ACTION ITEM: Each line from the start of the listing below through the line containing "model workspace: external: MAT-File" should be reproduced exactly, with no others.

DATA FOR THIS TASK:
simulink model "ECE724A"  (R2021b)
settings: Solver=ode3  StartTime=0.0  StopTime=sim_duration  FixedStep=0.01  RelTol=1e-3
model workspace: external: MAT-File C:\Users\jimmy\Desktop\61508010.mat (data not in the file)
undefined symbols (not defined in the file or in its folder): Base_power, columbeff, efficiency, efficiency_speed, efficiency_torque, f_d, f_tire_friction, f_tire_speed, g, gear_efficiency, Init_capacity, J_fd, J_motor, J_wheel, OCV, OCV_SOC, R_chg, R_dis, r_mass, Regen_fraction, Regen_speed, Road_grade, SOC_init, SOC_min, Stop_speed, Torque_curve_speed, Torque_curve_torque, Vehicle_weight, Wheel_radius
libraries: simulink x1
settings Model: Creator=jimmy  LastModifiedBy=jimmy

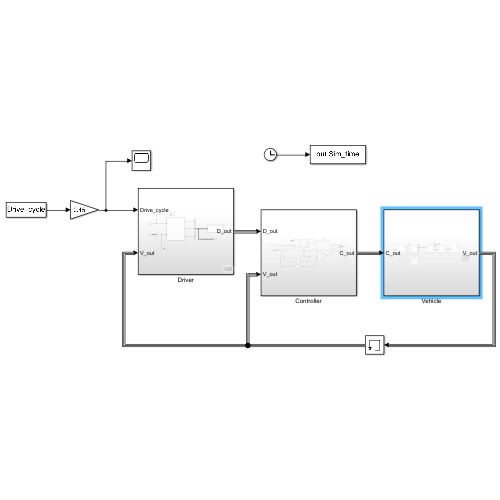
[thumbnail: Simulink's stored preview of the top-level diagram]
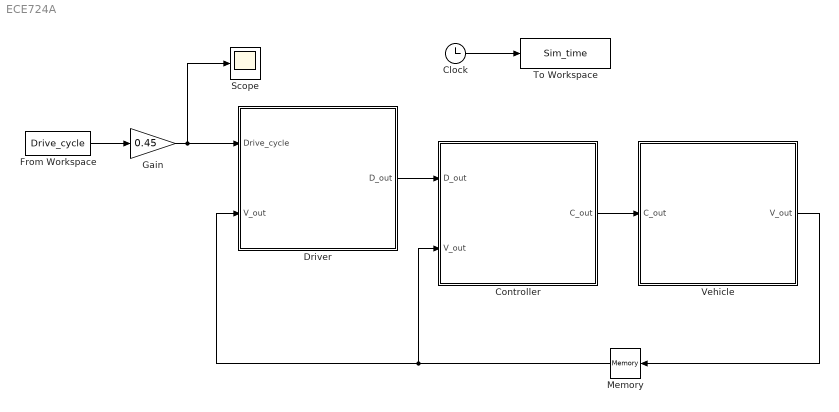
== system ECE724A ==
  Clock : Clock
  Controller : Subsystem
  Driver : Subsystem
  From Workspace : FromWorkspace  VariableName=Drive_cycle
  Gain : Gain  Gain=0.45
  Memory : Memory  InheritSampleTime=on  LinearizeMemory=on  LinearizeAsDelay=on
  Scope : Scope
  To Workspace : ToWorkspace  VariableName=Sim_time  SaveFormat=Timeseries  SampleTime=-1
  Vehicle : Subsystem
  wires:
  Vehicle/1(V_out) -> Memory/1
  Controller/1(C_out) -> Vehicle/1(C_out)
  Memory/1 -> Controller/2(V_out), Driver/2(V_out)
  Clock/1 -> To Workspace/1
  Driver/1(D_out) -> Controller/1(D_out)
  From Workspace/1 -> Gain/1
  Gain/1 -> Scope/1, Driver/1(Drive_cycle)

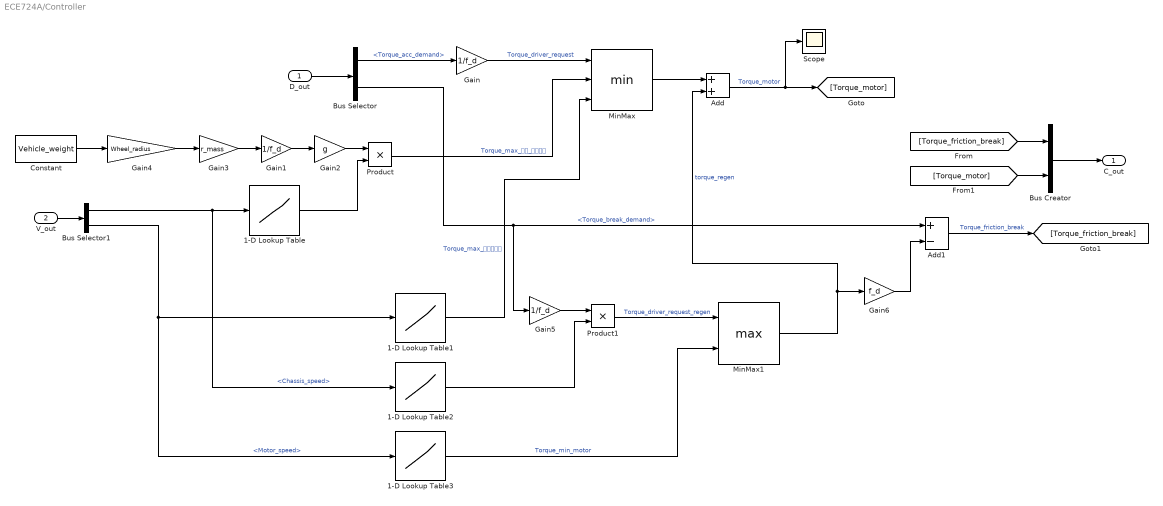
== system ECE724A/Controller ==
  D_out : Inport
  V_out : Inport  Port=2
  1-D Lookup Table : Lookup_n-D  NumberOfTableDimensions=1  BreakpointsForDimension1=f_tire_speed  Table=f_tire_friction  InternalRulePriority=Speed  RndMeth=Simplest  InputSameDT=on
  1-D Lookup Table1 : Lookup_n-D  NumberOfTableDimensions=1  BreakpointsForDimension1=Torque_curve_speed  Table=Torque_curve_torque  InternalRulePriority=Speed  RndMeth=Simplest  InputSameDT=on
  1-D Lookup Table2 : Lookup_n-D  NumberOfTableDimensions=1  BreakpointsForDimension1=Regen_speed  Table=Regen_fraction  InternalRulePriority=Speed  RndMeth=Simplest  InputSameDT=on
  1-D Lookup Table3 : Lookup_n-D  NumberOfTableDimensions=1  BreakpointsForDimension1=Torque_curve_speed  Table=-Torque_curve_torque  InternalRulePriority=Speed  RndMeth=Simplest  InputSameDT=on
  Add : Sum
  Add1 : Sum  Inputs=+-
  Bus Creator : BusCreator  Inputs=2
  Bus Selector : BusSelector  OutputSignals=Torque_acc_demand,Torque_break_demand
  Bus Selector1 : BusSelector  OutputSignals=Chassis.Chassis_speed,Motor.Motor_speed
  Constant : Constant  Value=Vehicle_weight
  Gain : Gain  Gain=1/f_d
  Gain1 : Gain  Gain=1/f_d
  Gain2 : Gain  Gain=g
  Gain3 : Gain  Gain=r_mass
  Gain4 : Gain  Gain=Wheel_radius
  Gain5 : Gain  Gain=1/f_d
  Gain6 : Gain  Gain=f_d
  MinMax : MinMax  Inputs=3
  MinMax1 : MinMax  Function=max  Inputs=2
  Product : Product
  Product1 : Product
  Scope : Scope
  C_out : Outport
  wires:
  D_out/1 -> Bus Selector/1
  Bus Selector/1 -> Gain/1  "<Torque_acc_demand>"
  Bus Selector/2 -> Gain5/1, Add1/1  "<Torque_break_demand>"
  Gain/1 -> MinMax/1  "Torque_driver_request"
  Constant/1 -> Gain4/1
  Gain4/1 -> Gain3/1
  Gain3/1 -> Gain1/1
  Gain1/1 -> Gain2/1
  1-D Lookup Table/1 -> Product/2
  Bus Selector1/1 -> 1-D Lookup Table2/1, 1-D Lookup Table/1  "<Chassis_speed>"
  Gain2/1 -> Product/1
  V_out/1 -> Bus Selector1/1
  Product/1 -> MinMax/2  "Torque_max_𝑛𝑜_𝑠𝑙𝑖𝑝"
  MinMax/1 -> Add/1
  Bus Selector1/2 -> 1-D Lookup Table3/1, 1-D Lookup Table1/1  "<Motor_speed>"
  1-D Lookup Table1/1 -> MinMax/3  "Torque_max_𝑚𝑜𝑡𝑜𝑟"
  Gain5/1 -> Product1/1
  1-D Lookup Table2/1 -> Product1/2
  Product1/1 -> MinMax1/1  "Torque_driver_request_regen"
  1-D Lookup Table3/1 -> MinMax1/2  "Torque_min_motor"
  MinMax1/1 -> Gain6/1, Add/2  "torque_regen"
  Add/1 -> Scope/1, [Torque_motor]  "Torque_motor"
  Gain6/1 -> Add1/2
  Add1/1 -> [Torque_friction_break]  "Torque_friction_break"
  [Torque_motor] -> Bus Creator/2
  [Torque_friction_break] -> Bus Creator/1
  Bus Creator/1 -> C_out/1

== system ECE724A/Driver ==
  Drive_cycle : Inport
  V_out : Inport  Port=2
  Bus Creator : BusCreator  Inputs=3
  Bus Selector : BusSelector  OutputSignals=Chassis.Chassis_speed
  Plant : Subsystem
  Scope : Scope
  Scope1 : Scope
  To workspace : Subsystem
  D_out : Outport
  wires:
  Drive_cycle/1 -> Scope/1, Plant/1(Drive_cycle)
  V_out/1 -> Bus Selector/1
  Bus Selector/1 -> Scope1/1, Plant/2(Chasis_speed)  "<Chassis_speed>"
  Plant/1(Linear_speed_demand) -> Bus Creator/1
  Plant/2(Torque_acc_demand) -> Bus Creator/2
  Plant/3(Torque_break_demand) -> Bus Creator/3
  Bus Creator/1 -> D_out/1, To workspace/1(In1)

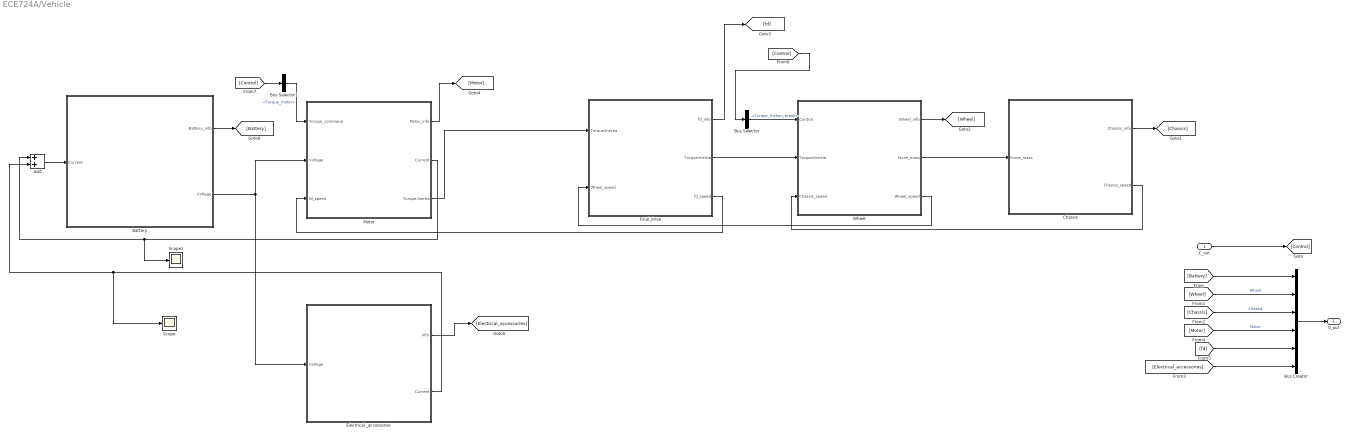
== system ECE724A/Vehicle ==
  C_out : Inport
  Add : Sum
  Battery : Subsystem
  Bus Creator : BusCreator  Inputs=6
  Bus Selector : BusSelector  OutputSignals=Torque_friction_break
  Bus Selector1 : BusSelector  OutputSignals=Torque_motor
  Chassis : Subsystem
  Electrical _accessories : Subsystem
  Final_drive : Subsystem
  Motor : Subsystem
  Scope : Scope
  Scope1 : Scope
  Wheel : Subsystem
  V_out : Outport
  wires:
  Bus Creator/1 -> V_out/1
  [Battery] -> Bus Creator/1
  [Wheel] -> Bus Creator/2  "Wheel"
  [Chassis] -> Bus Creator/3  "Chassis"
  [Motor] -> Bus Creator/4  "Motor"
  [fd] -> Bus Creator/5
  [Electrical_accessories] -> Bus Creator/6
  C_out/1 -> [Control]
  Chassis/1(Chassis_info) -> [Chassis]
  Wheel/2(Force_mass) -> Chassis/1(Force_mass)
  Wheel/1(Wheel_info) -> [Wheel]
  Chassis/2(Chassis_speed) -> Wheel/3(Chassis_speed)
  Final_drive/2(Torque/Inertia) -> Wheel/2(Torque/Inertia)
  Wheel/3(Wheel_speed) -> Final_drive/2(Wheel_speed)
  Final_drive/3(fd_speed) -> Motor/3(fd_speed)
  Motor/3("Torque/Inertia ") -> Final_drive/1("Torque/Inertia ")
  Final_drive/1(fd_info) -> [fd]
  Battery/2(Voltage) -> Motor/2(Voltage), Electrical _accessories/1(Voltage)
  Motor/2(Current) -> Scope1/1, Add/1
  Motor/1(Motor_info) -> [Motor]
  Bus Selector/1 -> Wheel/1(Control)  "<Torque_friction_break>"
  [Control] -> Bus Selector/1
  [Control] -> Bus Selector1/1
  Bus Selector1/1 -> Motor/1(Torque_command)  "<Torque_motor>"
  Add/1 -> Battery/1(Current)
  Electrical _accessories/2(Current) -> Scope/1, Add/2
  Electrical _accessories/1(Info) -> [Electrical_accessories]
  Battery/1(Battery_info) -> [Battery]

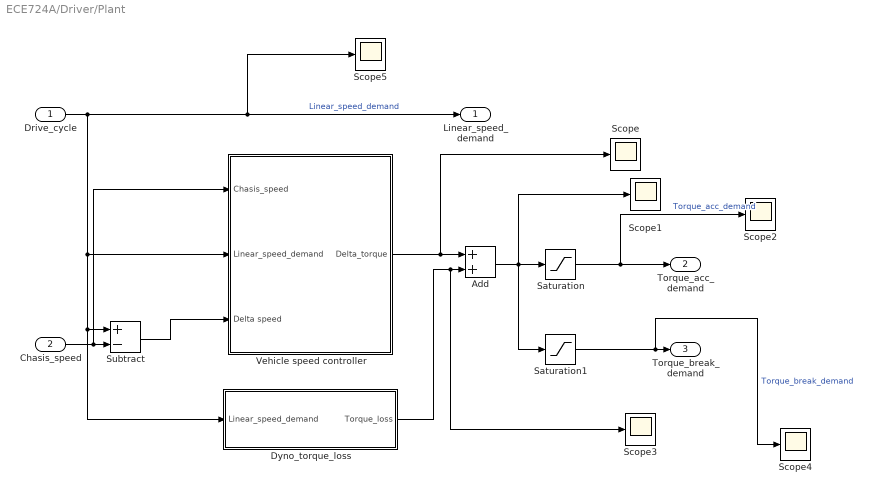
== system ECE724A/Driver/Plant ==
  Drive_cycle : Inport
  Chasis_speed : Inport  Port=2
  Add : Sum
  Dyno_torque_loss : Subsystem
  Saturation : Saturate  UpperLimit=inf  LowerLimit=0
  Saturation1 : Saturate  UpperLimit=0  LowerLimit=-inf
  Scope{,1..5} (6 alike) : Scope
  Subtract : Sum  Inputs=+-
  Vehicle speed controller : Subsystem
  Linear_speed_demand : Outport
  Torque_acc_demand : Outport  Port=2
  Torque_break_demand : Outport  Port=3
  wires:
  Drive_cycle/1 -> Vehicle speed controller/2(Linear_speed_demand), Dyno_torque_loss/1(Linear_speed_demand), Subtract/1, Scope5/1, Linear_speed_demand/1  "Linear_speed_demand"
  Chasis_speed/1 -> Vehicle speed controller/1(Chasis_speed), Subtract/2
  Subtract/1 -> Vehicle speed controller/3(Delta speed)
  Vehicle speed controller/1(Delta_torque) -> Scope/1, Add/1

RESPONSE TO THIS EXERCISE:
simulink model "ECE724A"  (R2021b)
settings: Solver=ode3  StartTime=0.0  StopTime=sim_duration  FixedStep=0.01  RelTol=1e-3
model workspace: external: MAT-File C:\Users\jimmy\Desktop\61508010.mat (data not in the file)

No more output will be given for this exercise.